== Assignment ==
Your answer consists of the lines in the data that contain "linetype". Copy each of them.

———

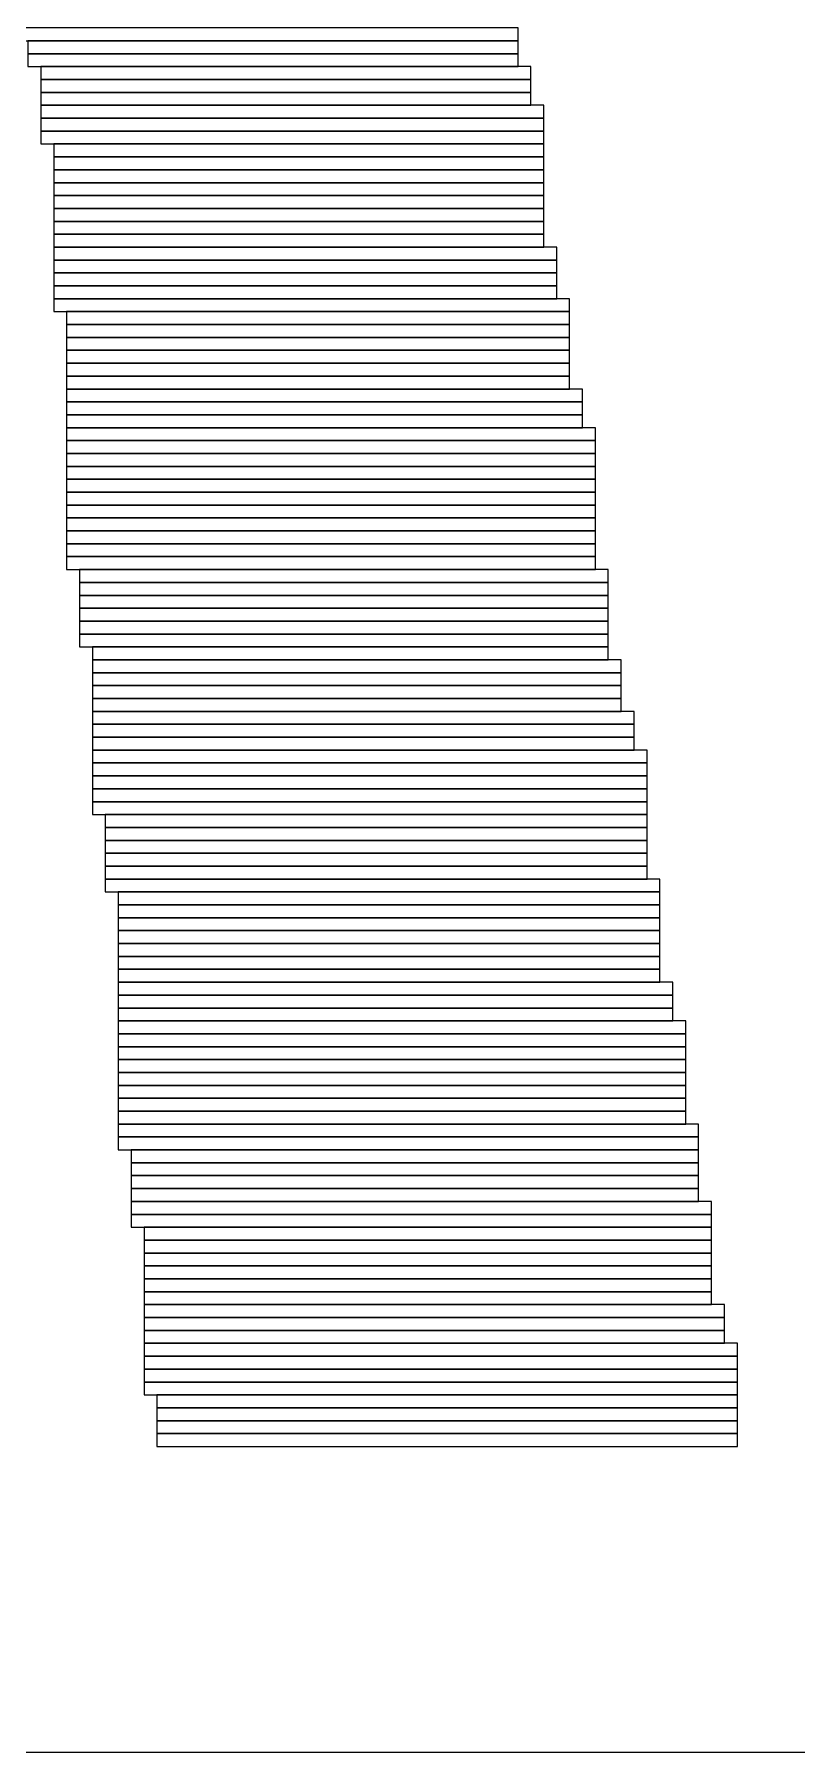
# Model space of a CAD drawing. Header units: millimetres. Extents: x -19.4 to 22.9, y -18.1 to 22.2.
# Drawn here: x -7.658 to -6.157, y -18.091 to -14.707 of the extents above; entities that cross this region are included whole.
import ezdxf

# ---------------------------------------------------------------- set-up
doc = ezdxf.new("R2010")
doc.units = ezdxf.units.MM
doc.header["$MEASUREMENT"] = 0
doc.layers.add('BG_OUTLINE', color=7, linetype='Continuous')
doc.layers.add('MA_PEN3', color=7, linetype='Continuous')

msp = doc.modelspace()

# ---------------------------------------------------------------- linework, layer by layer
at = {"layer": 'BG_OUTLINE', "lineweight": 9}
msp.add_open_spline([(-13.5636, -18.0908), (-13.5636, -18.0908), (13.4366, -18.0908), (13.4366, -18.0908), (13.4366, -18.0908), (13.4366, -18.0908), (13.4366, 12.9092), (13.4366, 12.9092), (13.4366, 12.9092), (13.4366, 12.9092), (-13.5636, 12.9092), (-13.5636, 12.9092), (-13.5636, 12.9092), (-13.5636, 12.9092), (-13.5636, -18.0908), (-13.5636, -18.0908)], degree=3, knots=[0, 0, 0, 0, 0.25, 0.25, 0.25, 0.25, 0.5, 0.5, 0.5, 0.5, 0.75, 0.75, 0.75, 0.75, 1, 1, 1, 1], dxfattribs=at)
at = {"layer": 'MA_PEN3', "lineweight": 9}
for points in [[(-8.7122, -14.7192), (-8.7122, -14.7192), (-8.7122, -14.6938), (-8.7122, -14.6938), (-8.7122, -14.6938), (-8.7122, -14.6938), (-6.7056, -14.6938), (-6.7056, -14.6938), (-6.7056, -14.6938), (-6.7056, -14.6938), (-6.7056, -14.7192), (-6.7056, -14.7192), (-6.7056, -14.7192), (-6.7056, -14.7192), (-8.7122, -14.7192), (-8.7122, -14.7192)], [(-7.6708, -14.7446), (-7.6708, -14.7446), (-7.6708, -14.7192), (-7.6708, -14.7192), (-7.6708, -14.7192), (-7.6708, -14.7192), (-6.7056, -14.7192), (-6.7056, -14.7192), (-6.7056, -14.7192), (-6.7056, -14.7192), (-6.7056, -14.7446), (-6.7056, -14.7446), (-6.7056, -14.7446), (-6.7056, -14.7446), (-7.6708, -14.7446), (-7.6708, -14.7446)], [(-7.6708, -14.77), (-7.6708, -14.77), (-7.6708, -14.7446), (-7.6708, -14.7446), (-7.6708, -14.7446), (-7.6708, -14.7446), (-6.7056, -14.7446), (-6.7056, -14.7446), (-6.7056, -14.7446), (-6.7056, -14.7446), (-6.7056, -14.77), (-6.7056, -14.77), (-6.7056, -14.77), (-6.7056, -14.77), (-7.6708, -14.77), (-7.6708, -14.77)], [(-7.6454, -14.7954), (-7.6454, -14.7954), (-7.6454, -14.77), (-7.6454, -14.77), (-7.6454, -14.77), (-7.6454, -14.77), (-6.6802, -14.77), (-6.6802, -14.77), (-6.6802, -14.77), (-6.6802, -14.77), (-6.6802, -14.7954), (-6.6802, -14.7954), (-6.6802, -14.7954), (-6.6802, -14.7954), (-7.6454, -14.7954), (-7.6454, -14.7954)], [(-7.6454, -14.8208), (-7.6454, -14.8208), (-7.6454, -14.7954), (-7.6454, -14.7954), (-7.6454, -14.7954), (-7.6454, -14.7954), (-6.6802, -14.7954), (-6.6802, -14.7954), (-6.6802, -14.7954), (-6.6802, -14.7954), (-6.6802, -14.8208), (-6.6802, -14.8208), (-6.6802, -14.8208), (-6.6802, -14.8208), (-7.6454, -14.8208), (-7.6454, -14.8208)], [(-7.6454, -14.8462), (-7.6454, -14.8462), (-7.6454, -14.8208), (-7.6454, -14.8208), (-7.6454, -14.8208), (-7.6454, -14.8208), (-6.6802, -14.8208), (-6.6802, -14.8208), (-6.6802, -14.8208), (-6.6802, -14.8208), (-6.6802, -14.8462), (-6.6802, -14.8462), (-6.6802, -14.8462), (-6.6802, -14.8462), (-7.6454, -14.8462), (-7.6454, -14.8462)], [(-7.6454, -14.8716), (-7.6454, -14.8716), (-7.6454, -14.8462), (-7.6454, -14.8462), (-7.6454, -14.8462), (-7.6454, -14.8462), (-6.6548, -14.8462), (-6.6548, -14.8462), (-6.6548, -14.8462), (-6.6548, -14.8462), (-6.6548, -14.8716), (-6.6548, -14.8716), (-6.6548, -14.8716), (-6.6548, -14.8716), (-7.6454, -14.8716), (-7.6454, -14.8716)], [(-7.6454, -14.897), (-7.6454, -14.897), (-7.6454, -14.8716), (-7.6454, -14.8716), (-7.6454, -14.8716), (-7.6454, -14.8716), (-6.6548, -14.8716), (-6.6548, -14.8716), (-6.6548, -14.8716), (-6.6548, -14.8716), (-6.6548, -14.897), (-6.6548, -14.897), (-6.6548, -14.897), (-6.6548, -14.897), (-7.6454, -14.897), (-7.6454, -14.897)], [(-7.6454, -14.9224), (-7.6454, -14.9224), (-7.6454, -14.897), (-7.6454, -14.897), (-7.6454, -14.897), (-7.6454, -14.897), (-6.6548, -14.897), (-6.6548, -14.897), (-6.6548, -14.897), (-6.6548, -14.897), (-6.6548, -14.9224), (-6.6548, -14.9224), (-6.6548, -14.9224), (-6.6548, -14.9224), (-7.6454, -14.9224), (-7.6454, -14.9224)], [(-7.62, -14.9478), (-7.62, -14.9478), (-7.62, -14.9224), (-7.62, -14.9224), (-7.62, -14.9224), (-7.62, -14.9224), (-6.6548, -14.9224), (-6.6548, -14.9224), (-6.6548, -14.9224), (-6.6548, -14.9224), (-6.6548, -14.9478), (-6.6548, -14.9478), (-6.6548, -14.9478), (-6.6548, -14.9478), (-7.62, -14.9478), (-7.62, -14.9478)], [(-7.62, -14.9732), (-7.62, -14.9732), (-7.62, -14.9478), (-7.62, -14.9478), (-7.62, -14.9478), (-7.62, -14.9478), (-6.6548, -14.9478), (-6.6548, -14.9478), (-6.6548, -14.9478), (-6.6548, -14.9478), (-6.6548, -14.9732), (-6.6548, -14.9732), (-6.6548, -14.9732), (-6.6548, -14.9732), (-7.62, -14.9732), (-7.62, -14.9732)], [(-7.62, -14.9986), (-7.62, -14.9986), (-7.62, -14.9732), (-7.62, -14.9732), (-7.62, -14.9732), (-7.62, -14.9732), (-6.6548, -14.9732), (-6.6548, -14.9732), (-6.6548, -14.9732), (-6.6548, -14.9732), (-6.6548, -14.9986), (-6.6548, -14.9986), (-6.6548, -14.9986), (-6.6548, -14.9986), (-7.62, -14.9986), (-7.62, -14.9986)], [(-7.62, -15.024), (-7.62, -15.024), (-7.62, -14.9986), (-7.62, -14.9986), (-7.62, -14.9986), (-7.62, -14.9986), (-6.6548, -14.9986), (-6.6548, -14.9986), (-6.6548, -14.9986), (-6.6548, -14.9986), (-6.6548, -15.024), (-6.6548, -15.024), (-6.6548, -15.024), (-6.6548, -15.024), (-7.62, -15.024), (-7.62, -15.024)], [(-7.62, -15.0494), (-7.62, -15.0494), (-7.62, -15.024), (-7.62, -15.024), (-7.62, -15.024), (-7.62, -15.024), (-6.6548, -15.024), (-6.6548, -15.024), (-6.6548, -15.024), (-6.6548, -15.024), (-6.6548, -15.0494), (-6.6548, -15.0494), (-6.6548, -15.0494), (-6.6548, -15.0494), (-7.62, -15.0494), (-7.62, -15.0494)], [(-7.62, -15.0748), (-7.62, -15.0748), (-7.62, -15.0494), (-7.62, -15.0494), (-7.62, -15.0494), (-7.62, -15.0494), (-6.6548, -15.0494), (-6.6548, -15.0494), (-6.6548, -15.0494), (-6.6548, -15.0494), (-6.6548, -15.0748), (-6.6548, -15.0748), (-6.6548, -15.0748), (-6.6548, -15.0748), (-7.62, -15.0748), (-7.62, -15.0748)], [(-7.62, -15.1002), (-7.62, -15.1002), (-7.62, -15.0748), (-7.62, -15.0748), (-7.62, -15.0748), (-7.62, -15.0748), (-6.6548, -15.0748), (-6.6548, -15.0748), (-6.6548, -15.0748), (-6.6548, -15.0748), (-6.6548, -15.1002), (-6.6548, -15.1002), (-6.6548, -15.1002), (-6.6548, -15.1002), (-7.62, -15.1002), (-7.62, -15.1002)], [(-7.62, -15.1256), (-7.62, -15.1256), (-7.62, -15.1002), (-7.62, -15.1002), (-7.62, -15.1002), (-7.62, -15.1002), (-6.6548, -15.1002), (-6.6548, -15.1002), (-6.6548, -15.1002), (-6.6548, -15.1002), (-6.6548, -15.1256), (-6.6548, -15.1256), (-6.6548, -15.1256), (-6.6548, -15.1256), (-7.62, -15.1256), (-7.62, -15.1256)], [(-7.62, -15.151), (-7.62, -15.151), (-7.62, -15.1256), (-7.62, -15.1256), (-7.62, -15.1256), (-7.62, -15.1256), (-6.6294, -15.1256), (-6.6294, -15.1256), (-6.6294, -15.1256), (-6.6294, -15.1256), (-6.6294, -15.151), (-6.6294, -15.151), (-6.6294, -15.151), (-6.6294, -15.151), (-7.62, -15.151), (-7.62, -15.151)], [(-7.62, -15.1764), (-7.62, -15.1764), (-7.62, -15.151), (-7.62, -15.151), (-7.62, -15.151), (-7.62, -15.151), (-6.6294, -15.151), (-6.6294, -15.151), (-6.6294, -15.151), (-6.6294, -15.151), (-6.6294, -15.1764), (-6.6294, -15.1764), (-6.6294, -15.1764), (-6.6294, -15.1764), (-7.62, -15.1764), (-7.62, -15.1764)], [(-7.62, -15.2018), (-7.62, -15.2018), (-7.62, -15.1764), (-7.62, -15.1764), (-7.62, -15.1764), (-7.62, -15.1764), (-6.6294, -15.1764), (-6.6294, -15.1764), (-6.6294, -15.1764), (-6.6294, -15.1764), (-6.6294, -15.2018), (-6.6294, -15.2018), (-6.6294, -15.2018), (-6.6294, -15.2018), (-7.62, -15.2018), (-7.62, -15.2018)], [(-7.62, -15.2272), (-7.62, -15.2272), (-7.62, -15.2018), (-7.62, -15.2018), (-7.62, -15.2018), (-7.62, -15.2018), (-6.6294, -15.2018), (-6.6294, -15.2018), (-6.6294, -15.2018), (-6.6294, -15.2018), (-6.6294, -15.2272), (-6.6294, -15.2272), (-6.6294, -15.2272), (-6.6294, -15.2272), (-7.62, -15.2272), (-7.62, -15.2272)], [(-7.62, -15.2526), (-7.62, -15.2526), (-7.62, -15.2272), (-7.62, -15.2272), (-7.62, -15.2272), (-7.62, -15.2272), (-6.604, -15.2272), (-6.604, -15.2272), (-6.604, -15.2272), (-6.604, -15.2272), (-6.604, -15.2526), (-6.604, -15.2526), (-6.604, -15.2526), (-6.604, -15.2526), (-7.62, -15.2526), (-7.62, -15.2526)], [(-7.5946, -15.278), (-7.5946, -15.278), (-7.5946, -15.2526), (-7.5946, -15.2526), (-7.5946, -15.2526), (-7.5946, -15.2526), (-6.604, -15.2526), (-6.604, -15.2526), (-6.604, -15.2526), (-6.604, -15.2526), (-6.604, -15.278), (-6.604, -15.278), (-6.604, -15.278), (-6.604, -15.278), (-7.5946, -15.278), (-7.5946, -15.278)], [(-7.5946, -15.3034), (-7.5946, -15.3034), (-7.5946, -15.278), (-7.5946, -15.278), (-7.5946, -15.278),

———

== Worked solution ==
doc.layers.add('BG_OUTLINE', color=7, linetype='Continuous')
doc.layers.add('MA_PEN3', color=7, linetype='Continuous')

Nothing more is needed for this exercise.